No I havent tried using Live view, I generally need a ND filter to cut off available light to decent level so I can take habitat shots of animals. During summers available light is just too much for photography during daytime and I only need a 2Stop ND filter to get shutter speeds down to reasonable level.


----------



## ExodistPhotography (Apr 29, 2017)

*Re: New rear-slot ND for 11-24L available*



ahsanford said:


> ExodistPhotography said:
> 
> 
> > This solution does not address CPL filters which more people would want then a 9+ stop filters. And the big elephant in the room.. Is it made so that the filter can not slip off in the camera and get buggered up in your mirror or shutters...
> ...



Yep exactly..


----------



## vangelismm (May 1, 2017)

Chaitanya said:


> neuroanatomist said:
> 
> 
> > Chaitanya said:
> ...



F10 1/800 ISO 400

Whats the ND 2 stop role here? Bring shutter from 1/3200 to 1/800?
If so, why not iso 100 or what is wrong with fast shutter speeds?


----------



## Valvebounce (May 1, 2017)

Hi vangelismm 
My guess would be to get away from the maximum shutter speed of the camera, without the 2stop ND filter and the settings of F10 & ISO 400 still used the shot would only need a little more light to push the EOS 600D over the 1/4000 maximum available shutter speed.
However your other point seems valid, why not use ISO 100? 

Cheers, Graham. 



vangelismm said:


> Chaitanya said:
> 
> 
> > No I havent tried using Live view, I generally need a ND filter to cut off available light to decent level so I can take habitat shots of animals. During summers available light is just too much for photography during daytime and I only need a 2Stop ND filter to get shutter speeds down to reasonable level.
> ...


----------



## Chaitanya (May 1, 2017)

vangelismm said:


> Chaitanya said:
> 
> 
> > neuroanatomist said:
> ...


I took that photo at around 830 in morning(exif time is wrong) and I was sitting there waiting for wolves since 6 in morning. By 1030 or so even at ISO 100 shutter speeds cross 1/1000sec and in many cases(when shooting at lower apertures on 400 f/5.6 to isolate subject) it hits the upper limit of 600D. So for a 2 stop nd filter is more than sufficient to bring down shutter speed to reasonable value while keeping lens wide open.


Valvebounce said:


> Hi vangelismm
> My guess would be to get away from the maximum shutter speed of the camera, without the 2stop ND filter and the settings of F10 & ISO 400 still used the shot would only need a little more light to push the EOS 600D over the 1/4000 maximum available shutter speed.
> However your other point seems valid, why not use ISO 100?
> 
> ...


In case of that photo I was photographing since sunrise(around 610 or so) so had higher ISO value set which was progressively brought down to ISO 100. summer months is mating season for most lizard species here so we have to sit out in sun in noon waiting for them to start mating display to attract females. Also many carnivores(wolves, hyneas, foxes, jungle cats, etc) give birth which is another reason to shoot at one of the worst times of day.


----------



## Jack Douglas (May 1, 2017)

As often happens there can be more to the story than initially comes to mind. Interesting.

Jack


----------



## IglooEater (Jun 2, 2017)

*Re: New rear-slot ND for 11-24L available*



neuroanatomist said:


> Cool – thanks for posting! I might have to (pre)order a set of the rear slot filters.

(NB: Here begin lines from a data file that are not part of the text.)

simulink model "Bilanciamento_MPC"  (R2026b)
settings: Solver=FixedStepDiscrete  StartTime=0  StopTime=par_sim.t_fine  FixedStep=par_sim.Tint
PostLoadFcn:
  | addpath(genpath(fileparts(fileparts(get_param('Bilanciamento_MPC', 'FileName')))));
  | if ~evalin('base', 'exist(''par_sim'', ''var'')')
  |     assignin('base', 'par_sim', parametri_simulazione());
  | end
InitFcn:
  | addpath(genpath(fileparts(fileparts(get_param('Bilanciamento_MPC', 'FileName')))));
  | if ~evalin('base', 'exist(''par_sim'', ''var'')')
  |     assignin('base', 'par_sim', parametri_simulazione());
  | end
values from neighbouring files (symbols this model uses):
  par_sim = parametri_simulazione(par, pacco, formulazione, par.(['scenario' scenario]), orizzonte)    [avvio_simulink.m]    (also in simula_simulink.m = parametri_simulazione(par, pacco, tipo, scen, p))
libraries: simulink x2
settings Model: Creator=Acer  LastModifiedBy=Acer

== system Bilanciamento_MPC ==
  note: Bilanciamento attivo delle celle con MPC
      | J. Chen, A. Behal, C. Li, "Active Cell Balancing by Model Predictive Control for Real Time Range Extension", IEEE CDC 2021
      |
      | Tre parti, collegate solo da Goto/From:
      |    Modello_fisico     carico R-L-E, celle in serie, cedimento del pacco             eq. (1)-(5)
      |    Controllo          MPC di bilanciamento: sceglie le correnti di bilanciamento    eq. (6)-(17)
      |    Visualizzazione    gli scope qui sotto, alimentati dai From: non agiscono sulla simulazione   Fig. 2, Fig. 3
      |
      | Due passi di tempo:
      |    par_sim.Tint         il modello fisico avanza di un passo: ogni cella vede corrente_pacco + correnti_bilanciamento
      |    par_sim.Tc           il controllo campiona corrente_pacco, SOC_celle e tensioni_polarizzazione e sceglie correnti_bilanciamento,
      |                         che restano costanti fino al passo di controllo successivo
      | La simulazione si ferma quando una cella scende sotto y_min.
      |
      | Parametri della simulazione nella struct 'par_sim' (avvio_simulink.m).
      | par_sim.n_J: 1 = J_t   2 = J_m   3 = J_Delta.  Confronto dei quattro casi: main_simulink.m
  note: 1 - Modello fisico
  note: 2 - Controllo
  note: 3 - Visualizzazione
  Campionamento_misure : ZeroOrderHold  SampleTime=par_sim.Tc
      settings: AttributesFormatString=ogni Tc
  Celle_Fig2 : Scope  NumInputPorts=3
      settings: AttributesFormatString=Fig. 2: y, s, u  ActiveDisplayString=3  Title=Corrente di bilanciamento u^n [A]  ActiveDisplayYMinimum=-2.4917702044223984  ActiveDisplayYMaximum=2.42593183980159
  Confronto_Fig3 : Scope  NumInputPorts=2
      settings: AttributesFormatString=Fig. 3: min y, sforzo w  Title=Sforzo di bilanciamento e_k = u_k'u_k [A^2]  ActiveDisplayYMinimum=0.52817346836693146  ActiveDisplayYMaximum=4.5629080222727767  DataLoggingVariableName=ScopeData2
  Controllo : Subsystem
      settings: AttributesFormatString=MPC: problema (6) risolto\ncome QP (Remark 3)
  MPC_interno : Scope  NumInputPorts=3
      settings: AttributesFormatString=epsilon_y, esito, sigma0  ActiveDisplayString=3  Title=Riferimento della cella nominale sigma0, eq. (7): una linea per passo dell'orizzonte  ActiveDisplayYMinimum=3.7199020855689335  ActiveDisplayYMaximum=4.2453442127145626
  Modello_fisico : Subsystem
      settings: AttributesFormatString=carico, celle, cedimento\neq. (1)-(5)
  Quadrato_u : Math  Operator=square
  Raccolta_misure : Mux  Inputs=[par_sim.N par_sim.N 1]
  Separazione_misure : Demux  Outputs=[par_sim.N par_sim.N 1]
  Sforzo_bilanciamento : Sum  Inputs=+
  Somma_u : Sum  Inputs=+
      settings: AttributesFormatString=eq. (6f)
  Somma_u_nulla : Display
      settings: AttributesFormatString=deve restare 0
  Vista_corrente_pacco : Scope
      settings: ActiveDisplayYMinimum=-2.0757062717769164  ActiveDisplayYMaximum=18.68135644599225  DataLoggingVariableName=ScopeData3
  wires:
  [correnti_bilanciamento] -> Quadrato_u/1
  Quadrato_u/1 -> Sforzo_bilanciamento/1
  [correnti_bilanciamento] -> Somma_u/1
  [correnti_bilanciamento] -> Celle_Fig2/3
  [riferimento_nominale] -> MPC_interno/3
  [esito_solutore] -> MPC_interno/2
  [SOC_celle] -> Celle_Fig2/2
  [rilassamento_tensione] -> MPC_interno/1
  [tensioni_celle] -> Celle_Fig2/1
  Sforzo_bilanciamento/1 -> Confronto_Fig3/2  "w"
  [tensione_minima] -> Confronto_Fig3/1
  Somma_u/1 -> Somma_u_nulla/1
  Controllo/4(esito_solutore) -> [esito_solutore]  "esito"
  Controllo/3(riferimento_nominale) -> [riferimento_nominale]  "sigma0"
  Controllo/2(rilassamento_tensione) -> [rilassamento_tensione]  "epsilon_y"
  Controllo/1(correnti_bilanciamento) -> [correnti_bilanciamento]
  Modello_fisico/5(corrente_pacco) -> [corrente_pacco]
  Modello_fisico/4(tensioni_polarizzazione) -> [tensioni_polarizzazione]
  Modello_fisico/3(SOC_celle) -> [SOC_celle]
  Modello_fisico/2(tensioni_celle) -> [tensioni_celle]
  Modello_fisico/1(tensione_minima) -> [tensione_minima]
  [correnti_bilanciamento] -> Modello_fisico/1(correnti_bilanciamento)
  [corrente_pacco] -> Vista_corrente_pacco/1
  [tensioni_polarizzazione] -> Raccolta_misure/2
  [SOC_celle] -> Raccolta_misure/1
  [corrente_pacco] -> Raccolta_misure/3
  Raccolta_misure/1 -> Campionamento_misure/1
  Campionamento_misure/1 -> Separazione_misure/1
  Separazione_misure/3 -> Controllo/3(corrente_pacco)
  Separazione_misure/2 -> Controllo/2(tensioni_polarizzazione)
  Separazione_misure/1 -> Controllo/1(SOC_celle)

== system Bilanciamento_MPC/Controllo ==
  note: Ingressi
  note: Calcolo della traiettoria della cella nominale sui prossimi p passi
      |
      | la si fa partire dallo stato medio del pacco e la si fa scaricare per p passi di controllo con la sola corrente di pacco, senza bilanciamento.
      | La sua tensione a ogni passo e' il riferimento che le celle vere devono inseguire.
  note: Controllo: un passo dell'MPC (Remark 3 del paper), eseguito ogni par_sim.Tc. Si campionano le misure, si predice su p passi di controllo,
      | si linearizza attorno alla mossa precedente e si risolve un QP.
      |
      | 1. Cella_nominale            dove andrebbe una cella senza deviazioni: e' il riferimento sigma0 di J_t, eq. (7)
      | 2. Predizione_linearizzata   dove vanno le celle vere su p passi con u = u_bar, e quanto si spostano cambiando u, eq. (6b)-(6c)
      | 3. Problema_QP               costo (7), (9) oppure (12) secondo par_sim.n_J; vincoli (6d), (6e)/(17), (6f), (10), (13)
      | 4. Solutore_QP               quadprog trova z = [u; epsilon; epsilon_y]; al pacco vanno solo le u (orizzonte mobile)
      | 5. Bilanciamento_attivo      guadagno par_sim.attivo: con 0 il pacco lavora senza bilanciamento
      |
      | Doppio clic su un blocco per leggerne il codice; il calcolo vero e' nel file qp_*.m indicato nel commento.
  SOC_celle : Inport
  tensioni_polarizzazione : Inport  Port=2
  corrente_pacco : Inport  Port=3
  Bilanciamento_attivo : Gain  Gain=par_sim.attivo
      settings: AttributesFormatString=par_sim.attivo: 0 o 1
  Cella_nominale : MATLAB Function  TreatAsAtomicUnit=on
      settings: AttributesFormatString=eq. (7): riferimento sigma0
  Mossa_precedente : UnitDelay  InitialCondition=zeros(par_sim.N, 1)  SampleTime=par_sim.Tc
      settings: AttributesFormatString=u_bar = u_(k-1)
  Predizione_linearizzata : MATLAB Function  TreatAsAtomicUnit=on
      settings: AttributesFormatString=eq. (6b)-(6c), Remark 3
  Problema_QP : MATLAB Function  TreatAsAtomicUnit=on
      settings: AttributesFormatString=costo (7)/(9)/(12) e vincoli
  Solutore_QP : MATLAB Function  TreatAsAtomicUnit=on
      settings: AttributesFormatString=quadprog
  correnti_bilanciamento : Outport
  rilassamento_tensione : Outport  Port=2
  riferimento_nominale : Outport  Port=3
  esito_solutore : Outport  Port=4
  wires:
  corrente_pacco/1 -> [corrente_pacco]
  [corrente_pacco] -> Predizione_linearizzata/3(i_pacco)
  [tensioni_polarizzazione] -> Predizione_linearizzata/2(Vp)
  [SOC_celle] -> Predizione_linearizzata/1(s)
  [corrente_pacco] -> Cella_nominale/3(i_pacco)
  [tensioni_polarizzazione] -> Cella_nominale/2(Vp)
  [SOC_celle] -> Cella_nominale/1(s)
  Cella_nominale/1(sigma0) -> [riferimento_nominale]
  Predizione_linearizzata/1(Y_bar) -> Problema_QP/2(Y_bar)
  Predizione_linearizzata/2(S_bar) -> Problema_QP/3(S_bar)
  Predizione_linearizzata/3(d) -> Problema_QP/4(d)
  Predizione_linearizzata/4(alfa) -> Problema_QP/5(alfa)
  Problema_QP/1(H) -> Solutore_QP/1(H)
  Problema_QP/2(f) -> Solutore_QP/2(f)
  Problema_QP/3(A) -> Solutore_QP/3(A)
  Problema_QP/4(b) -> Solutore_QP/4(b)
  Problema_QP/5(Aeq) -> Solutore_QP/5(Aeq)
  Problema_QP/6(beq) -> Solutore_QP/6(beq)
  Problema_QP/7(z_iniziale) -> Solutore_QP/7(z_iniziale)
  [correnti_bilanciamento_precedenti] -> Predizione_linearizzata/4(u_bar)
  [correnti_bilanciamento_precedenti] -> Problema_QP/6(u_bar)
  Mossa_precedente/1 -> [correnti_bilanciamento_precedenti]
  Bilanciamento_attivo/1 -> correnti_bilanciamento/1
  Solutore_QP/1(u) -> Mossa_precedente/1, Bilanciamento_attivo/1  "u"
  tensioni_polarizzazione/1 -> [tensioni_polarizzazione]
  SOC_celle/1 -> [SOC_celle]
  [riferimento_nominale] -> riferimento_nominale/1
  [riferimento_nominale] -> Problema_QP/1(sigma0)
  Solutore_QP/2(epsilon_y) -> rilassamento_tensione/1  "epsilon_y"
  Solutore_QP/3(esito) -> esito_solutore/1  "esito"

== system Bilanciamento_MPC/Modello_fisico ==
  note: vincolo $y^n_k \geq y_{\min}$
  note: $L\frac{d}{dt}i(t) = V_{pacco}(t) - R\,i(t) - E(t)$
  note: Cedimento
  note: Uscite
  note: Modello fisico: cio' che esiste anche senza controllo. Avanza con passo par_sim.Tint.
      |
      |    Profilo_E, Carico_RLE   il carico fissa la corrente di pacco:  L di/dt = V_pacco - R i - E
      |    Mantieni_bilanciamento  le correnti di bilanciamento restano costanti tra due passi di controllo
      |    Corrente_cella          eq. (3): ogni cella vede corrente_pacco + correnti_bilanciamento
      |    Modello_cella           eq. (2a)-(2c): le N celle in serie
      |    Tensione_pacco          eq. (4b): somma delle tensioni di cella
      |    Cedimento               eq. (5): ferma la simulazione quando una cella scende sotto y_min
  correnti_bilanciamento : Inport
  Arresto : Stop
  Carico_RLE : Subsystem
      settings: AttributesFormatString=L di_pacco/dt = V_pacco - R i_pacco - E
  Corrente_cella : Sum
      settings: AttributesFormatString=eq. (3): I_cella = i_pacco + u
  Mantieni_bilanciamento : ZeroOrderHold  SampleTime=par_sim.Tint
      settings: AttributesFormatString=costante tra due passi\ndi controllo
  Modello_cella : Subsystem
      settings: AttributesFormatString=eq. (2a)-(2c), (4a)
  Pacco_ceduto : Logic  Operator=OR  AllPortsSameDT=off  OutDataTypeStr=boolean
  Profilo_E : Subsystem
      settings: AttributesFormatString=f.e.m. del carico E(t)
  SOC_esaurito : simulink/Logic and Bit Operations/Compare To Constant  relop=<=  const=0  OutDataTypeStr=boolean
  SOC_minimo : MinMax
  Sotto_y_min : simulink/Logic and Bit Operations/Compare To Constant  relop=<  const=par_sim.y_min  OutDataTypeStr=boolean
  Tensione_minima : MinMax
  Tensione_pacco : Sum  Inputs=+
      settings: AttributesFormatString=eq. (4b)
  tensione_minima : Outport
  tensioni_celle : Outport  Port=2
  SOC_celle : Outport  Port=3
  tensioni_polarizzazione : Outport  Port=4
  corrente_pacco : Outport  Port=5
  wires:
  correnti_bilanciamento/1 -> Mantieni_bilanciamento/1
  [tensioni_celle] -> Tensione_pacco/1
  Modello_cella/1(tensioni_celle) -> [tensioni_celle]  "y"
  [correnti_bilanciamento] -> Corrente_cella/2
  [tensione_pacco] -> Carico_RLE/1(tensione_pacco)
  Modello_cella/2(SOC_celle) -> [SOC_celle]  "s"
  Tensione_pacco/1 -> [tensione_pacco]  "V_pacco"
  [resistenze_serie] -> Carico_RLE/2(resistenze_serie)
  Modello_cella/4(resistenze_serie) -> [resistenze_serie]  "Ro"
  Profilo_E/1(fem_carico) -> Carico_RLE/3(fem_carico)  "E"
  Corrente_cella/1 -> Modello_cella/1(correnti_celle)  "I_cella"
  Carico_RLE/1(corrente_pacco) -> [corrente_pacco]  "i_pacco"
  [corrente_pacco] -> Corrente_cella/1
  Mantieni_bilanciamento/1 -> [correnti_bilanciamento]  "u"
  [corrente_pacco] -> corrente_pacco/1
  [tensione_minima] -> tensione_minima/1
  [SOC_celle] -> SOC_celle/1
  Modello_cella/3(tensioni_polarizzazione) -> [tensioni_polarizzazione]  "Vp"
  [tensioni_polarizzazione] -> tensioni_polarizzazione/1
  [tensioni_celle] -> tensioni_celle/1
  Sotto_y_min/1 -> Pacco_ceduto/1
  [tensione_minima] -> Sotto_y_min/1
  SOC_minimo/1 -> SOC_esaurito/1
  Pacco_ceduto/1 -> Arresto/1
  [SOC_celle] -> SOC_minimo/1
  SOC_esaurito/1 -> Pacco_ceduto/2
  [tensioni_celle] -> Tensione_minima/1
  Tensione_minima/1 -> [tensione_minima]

Wait. You mean there was something Neuro didn't know?


----------



## Jack Douglas (Jun 9, 2017)

*Re: New rear-slot ND for 11-24L available*



IglooEater said:


> neuroanatomist said:
> 
> 
> > Cool – thanks for posting! I might have to (pre)order a set of the rear slot filters.
> ...



I've often wondered myself!  Wish I had a memory that could keep half as much organized. What I can say proudly is that I try my best, regardless of the outcome. In spite of the personality conflicts that sometimes surface, there is a very good group of very knowledgeable/helpful/considerate folk on CR, including Neuro.

Jack


----------